We will use BeautifulSoup API to simplify the content of what we get from Craigslist


In [4]:
html = bs4(resq.text, 'html.parser')
print(html.prettify()[:900])



<!DOCTYPE html>
<html class="no-js">
 <head>
  <title>
   SF bay area apts/housing for rent  - craigslist
  </title>
  <meta content="SF bay area apts/housing for rent  - craigslist" name="description">
   <meta content="IE=Edge" http-equiv="X-UA-Compatible"/>
   <link href="https://sfbay.craigslist.org/search/apa" rel="canonical">
    <link href="https://sfbay.craigslist.org/search/apa?format=rss&amp;is_furnished=1&amp;min_bedrooms=1" rel="alternate" title="RSS feed for craigslist | SF bay area apts/housing for rent  - craigslist " type="application/rss+xml">
     <link href="https://sfbay.craigslist.org/search/apa?s=120&amp;is_furnished=1&amp;min_bedrooms=1" rel="next">
      <meta content="width=device-width,initial-scale=1" name="viewport">
       <link href="//www.craigslist.org/styles/cl.css?v=d76fe4376346bd1b2503fb10181051a7" media="all" rel="stylesheet" type="text/css">
       

STEP 02: Get necessary information from the web

We can see that every single post will be stored in p attribute with class result-info
From that observation, we can retrieve all information by getting them from this attribute.


In [5]:
apts = html.find_all('p', attrs={'class':'result-info'})
print(len(apts))


120

apts is a list of 120 renting objects.

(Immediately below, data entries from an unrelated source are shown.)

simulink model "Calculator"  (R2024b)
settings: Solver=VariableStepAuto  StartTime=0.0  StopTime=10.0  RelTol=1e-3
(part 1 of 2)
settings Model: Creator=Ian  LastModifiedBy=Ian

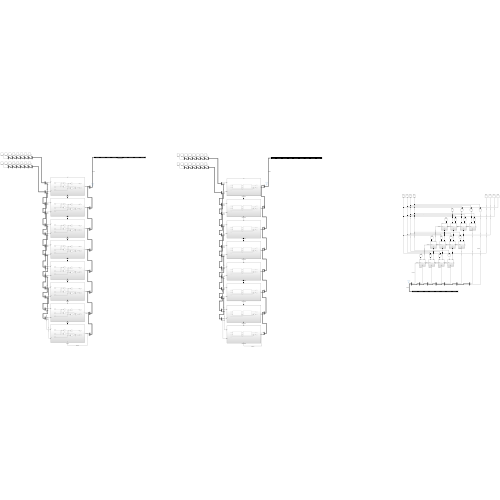
[thumbnail: Simulink's stored preview of the top-level diagram]
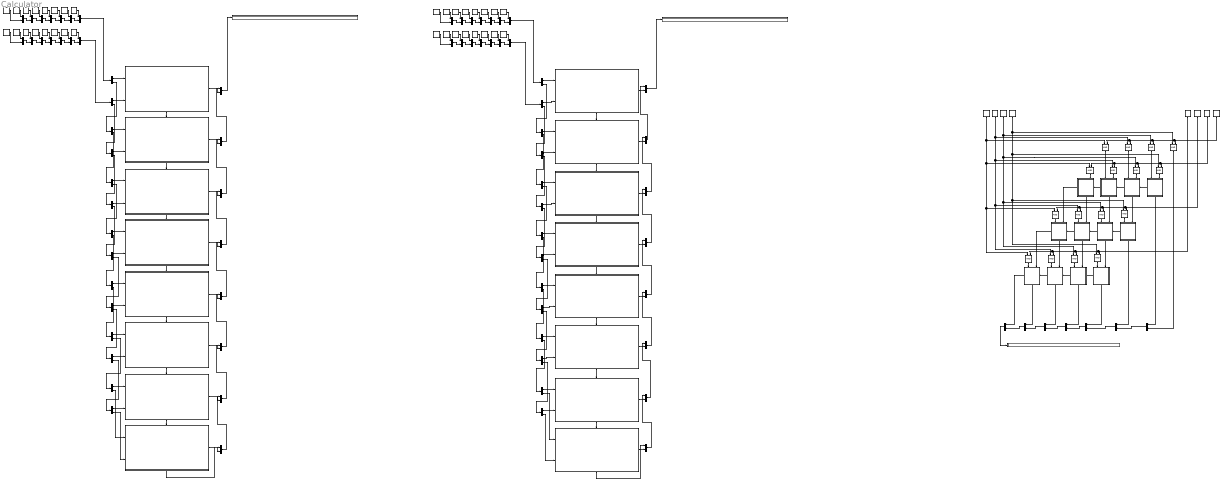
== system Calculator ==
  AND{,3..17} (16 alike) : Logic  IconShape=distinctive  AllPortsSameDT=off  OutDataTypeStr=boolean
  Add{11..13,15..18,21..25,27} (13 alike) : Constant  Value=0
  Add14 : Constant
  Add26 : Constant
  Add28 : Constant
  Adder : Subsystem
      settings: PortSchema="{\"entries\":[{\"content\":{\"sides\":[{\"content\":{\"connectorIds\":[\"In1\",\"In2\"]},\"type\":\"ConnectorPlacement.EquallySpacedRectSide\",\"uuid\":\"7bda4a13-5714-4766-b13e-fbedd8378c0d\"},{\"content\":{\"connectorIds\":[\"Out1\"],\"side\":\"RIGHT\"},\"type\":\"ConnectorPlacement.EquallySpacedRectSide\",\"uuid\":\"12590a9d-1e20-4d4b-a015-8cc67798c588\"},{\"content\":{\"connectorIds\":[\"In3\"],\"side\":\"TOP\"},\"type\":\"ConnectorPlacement.EquallySpacedRectSide\",\"uuid\":\"02eef574-06bf-4445-a216-f5494700e03c\"},{\"content\":{\"connectorIds\":[\"Out2\"],\"side\":\"BOTTOM\"},\"type\":\"ConnectorPlacement.EquallySpacedRectSide\",\"uuid\":\"95bb6c32-4776-4ae5-879f-000f498d11ec\"}]},\"type\":\"ConnectorPlacement.EquallySpacedConnector\",\"uuid\":\"b3982cbe-2d0c-455f-a3cf-748a4a59c66e\"}],\"packageUris\":[\"http://schema.mathworks.com/mf0/Connector/R2020b\"],\"version\":\"1.0\"}"
  Adder1 : Subsystem
      settings: PortSchema="{\"entries\":[{\"content\":{\"sides\":[{\"content\":{\"connectorIds\":[\"In1\",\"In2\"]},\"type\":\"ConnectorPlacement.EquallySpacedRectSide\",\"uuid\":\"7bda4a13-5714-4766-b13e-fbedd8378c0d\"},{\"content\":{\"connectorIds\":[\"Out1\"],\"side\":\"RIGHT\"},\"type\":\"ConnectorPlacement.EquallySpacedRectSide\",\"uuid\":\"12590a9d-1e20-4d4b-a015-8cc67798c588\"},{\"content\":{\"connectorIds\":[\"In3\"],\"side\":\"TOP\"},\"type\":\"ConnectorPlacement.EquallySpacedRectSide\",\"uuid\":\"02eef574-06bf-4445-a216-f5494700e03c\"},{\"content\":{\"connectorIds\":[\"Out2\"],\"side\":\"BOTTOM\"},\"type\":\"ConnectorPlacement.EquallySpacedRectSide\",\"uuid\":\"95bb6c32-4776-4ae5-879f-000f498d11ec\"}]},\"type\":\"ConnectorPlacement.EquallySpacedConnector\",\"uuid\":\"b3982cbe-2d0c-455f-a3cf-748a4a59c66e\"}],\"packageUris\":[\"http://schema.mathworks.com/mf0/Connector/R2020b\"],\"version\":\"1.0\"}"
  Adder10 : Subsystem
      settings: PortSchema="{\"entries\":[{\"content\":{\"sides\":[{\"content\":{\"connectorIds\":[\"In1\",\"In2\"]},\"type\":\"ConnectorPlacement.EquallySpacedRectSide\",\"uuid\":\"7bda4a13-5714-4766-b13e-fbedd8378c0d\"},{\"content\":{\"connectorIds\":[\"Out1\"],\"side\":\"RIGHT\"},\"type\":\"ConnectorPlacement.EquallySpacedRectSide\",\"uuid\":\"12590a9d-1e20-4d4b-a015-8cc67798c588\"},{\"content\":{\"connectorIds\":[\"In3\"],\"side\":\"TOP\"},\"type\":\"ConnectorPlacement.EquallySpacedRectSide\",\"uuid\":\"02eef574-06bf-4445-a216-f5494700e03c\"},{\"content\":{\"connectorIds\":[\"Out2\"],\"side\":\"BOTTOM\"},\"type\":\"ConnectorPlacement.EquallySpacedRectSide\",\"uuid\":\"95bb6c32-4776-4ae5-879f-000f498d11ec\"}]},\"type\":\"ConnectorPlacement.EquallySpacedConnector\",\"uuid\":\"b3982cbe-2d0c-455f-a3cf-748a4a59c66e\"}],\"packageUris\":[\"http://schema.mathworks.com/mf0/Connector/R2020b\"],\"version\":\"1.0\"}"
  Adder11 : Subsystem
      settings: PortSchema="{\"entries\":[{\"content\":{\"sides\":[{\"content\":{\"connectorIds\":[\"In1\",\"In2\"]},\"type\":\"ConnectorPlacement.EquallySpacedRectSide\",\"uuid\":\"7bda4a13-5714-4766-b13e-fbedd8378c0d\"},{\"content\":{\"connectorIds\":[\"Out1\"],\"side\":\"RIGHT\"},\"type\":\"ConnectorPlacement.EquallySpacedRectSide\",\"uuid\":\"12590a9d-1e20-4d4b-a015-8cc67798c588\"},{\"content\":{\"connectorIds\":[\"In3\"],\"side\":\"TOP\"},\"type\":\"ConnectorPlacement.EquallySpacedRectSide\",\"uuid\":\"02eef574-06bf-4445-a216-f5494700e03c\"},{\"content\":{\"connectorIds\":[\"Out2\"],\"side\":\"BOTTOM\"},\"type\":\"ConnectorPlacement.EquallySpacedRectSide\",\"uuid\":\"95bb6c32-4776-4ae5-879f-000f498d11ec\"}]},\"type\":\"ConnectorPlacement.EquallySpacedConnector\",\"uuid\":\"b3982cbe-2d0c-455f-a3cf-748a4a59c66e\"}],\"packageUris\":[\"http://schema.mathworks.com/mf0/Connector/R2020b\"],\"version\":\"1.0\"}"
  Adder12 : Subsystem
      settings: PortSchema="{\"entries\":[{\"content\":{\"sides\":[{\"content\":{\"connectorIds\":[\"In1\",\"In2\"]},\"type\":\"ConnectorPlacement.EquallySpacedRectSide\",\"uuid\":\"7bda4a13-5714-4766-b13e-fbedd8378c0d\"},{\"content\":{\"connectorIds\":[\"Out1\"],\"side\":\"RIGHT\"},\"type\":\"ConnectorPlacement.EquallySpacedRectSide\",\"uuid\":\"12590a9d-1e20-4d4b-a015-8cc67798c588\"},{\"content\":{\"connectorIds\":[\"In3\"],\"side\":\"TOP\"},\"type\":\"ConnectorPlacement.EquallySpacedRectSide\",\"uuid\":\"02eef574-06bf-4445-a216-f5494700e03c\"},{\"content\":{\"connectorIds\":[\"Out2\"],\"side\":\"BOTTOM\"},\"type\":\"ConnectorPlacement.EquallySpacedRectSide\",\"uuid\":\"95bb6c32-4776-4ae5-879f-000f498d11ec\"}]},\"type\":\"ConnectorPlacement.EquallySpacedConnector\",\"uuid\":\"b3982cbe-2d0c-455f-a3cf-748a4a59c66e\"}],\"packageUris\":[\"http://schema.mathworks.com/mf0/Connector/R2020b\"],\"version\":\"1.0\"}"
  Adder13 : Subsystem
      settings: PortSchema="{\"entries\":[{\"content\":{\"sides\":[{\"content\":{\"connectorIds\":[\"In1\",\"In2\"]},\"type\":\"ConnectorPlacement.EquallySpacedRectSide\",\"uuid\":\"7bda4a13-5714-4766-b13e-fbedd8378c0d\"},{\"content\":{\"connectorIds\":[\"Out1\"],\"side\":\"RIGHT\"},\"type\":\"ConnectorPlacement.EquallySpacedRectSide\",\"uuid\":\"12590a9d-1e20-4d4b-a015-8cc67798c588\"},{\"content\":{\"connectorIds\":[\"In3\"],\"side\":\"TOP\"},\"type\":\"ConnectorPlacement.EquallySpacedRectSide\",\"uuid\":\"02eef574-06bf-4445-a216-f5494700e03c\"},{\"content\":{\"connectorIds\":[\"Out2\"],\"side\":\"BOTTOM\"},\"type\":\"ConnectorPlacement.EquallySpacedRectSide\",\"uuid\":\"95bb6c32-4776-4ae5-879f-000f498d11ec\"}]},\"type\":\"ConnectorPlacement.EquallySpacedConnector\",\"uuid\":\"b3982cbe-2d0c-455f-a3cf-748a4a59c66e\"}],\"packageUris\":[\"http://schema.mathworks.com/mf0/Connector/R2020b\"],\"version\":\"1.0\"}"
  Adder14 : Subsystem
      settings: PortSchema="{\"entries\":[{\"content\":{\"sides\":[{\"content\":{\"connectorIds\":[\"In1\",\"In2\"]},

We can take one out for our sample. We work on this sample to have the sense how to apply all these things to the whole list.


In [6]:
this_aprt = apts[15]
print(this_aprt)


<p class="result-info">
<span class="icon icon-star" role="button">
<span class="screen-reader-text">favorite this post</span>
</span>
<time class="result-date" datetime="2017-08-04 14:44" title="Fri 04 Aug 02:44:54 PM">Aug  4</time>
<a class="result-title hdrlnk" data-id="6250180150" href="/scz/apa/d/furnished-two-room-apt-1000/6250180150.html">!!!! FURNISHED TWO ROOM APT 1000 sf $2,600 PRIVATE ENTRANCE!!!!</a>
<span class="result-meta">
<span class="result-price">$2600</span>
<span class="housing">
                    2br -
                    1000ft<sup>2</sup> -
                </span>
<span class="result-hood"> (capitola)</span>
<span class="result-tags">
                    pic
                    <span class="maptag" data-pid="6250180150">map</span>
</span>
<span class="banish icon icon-trash" role="button">
<span class="screen-reader-text">hide this posting</span>
</span>
<span aria-hidden="true" class="unbanish icon icon-trash red" role="button"></span>
<a class="restore-link" href="#">
<span class="restore-narrow-text">restore</span>
<span class="restore-wide-text">restore this posting</span>
</a>
</span>
</p>

We get the information about number of bedroom and area


In [7]:
size = this_aprt.find_all(attrs={'class':'housing'})[0].text
print(size)


                    2br -
                    1000ft2 -
                

We will create a function to get those information and store into apt_size and n_brs variables:


In [8]:
def size_brs(size):
    split_var = size.strip('\n ').strip('\n - ').split('-')
    if len(split_var) == 2:
        n_brs = split_var[0].replace('br', '')
        apt_size = split_var[1].replace('ft2', '')
    elif 'br' in split_var[0]:
        n_brs = split_var[0].replace('br', '')
        apt_size = np.nan
    elif 'ft2' in split_var[1]:
        apt_size = split_var[1].replace('ft2', '')
        n_brs = np.nan
    return float(apt_size), float(n_brs)

In [9]:
apt_size, n_brs = size_brs(size)

In [10]:
time = this_aprt.find('time')['datetime']
time = pd.to_datetime(time)

In [11]:
price = float(this_aprt.find('span', {'class':'result-price'}).text.strip('$'))

In [12]:
title = this_aprt.find('a', {'class':'result-title hdrlnk'}).text

In [13]:
link = this_aprt.find('a', {'class':'result-title hdrlnk'})['href']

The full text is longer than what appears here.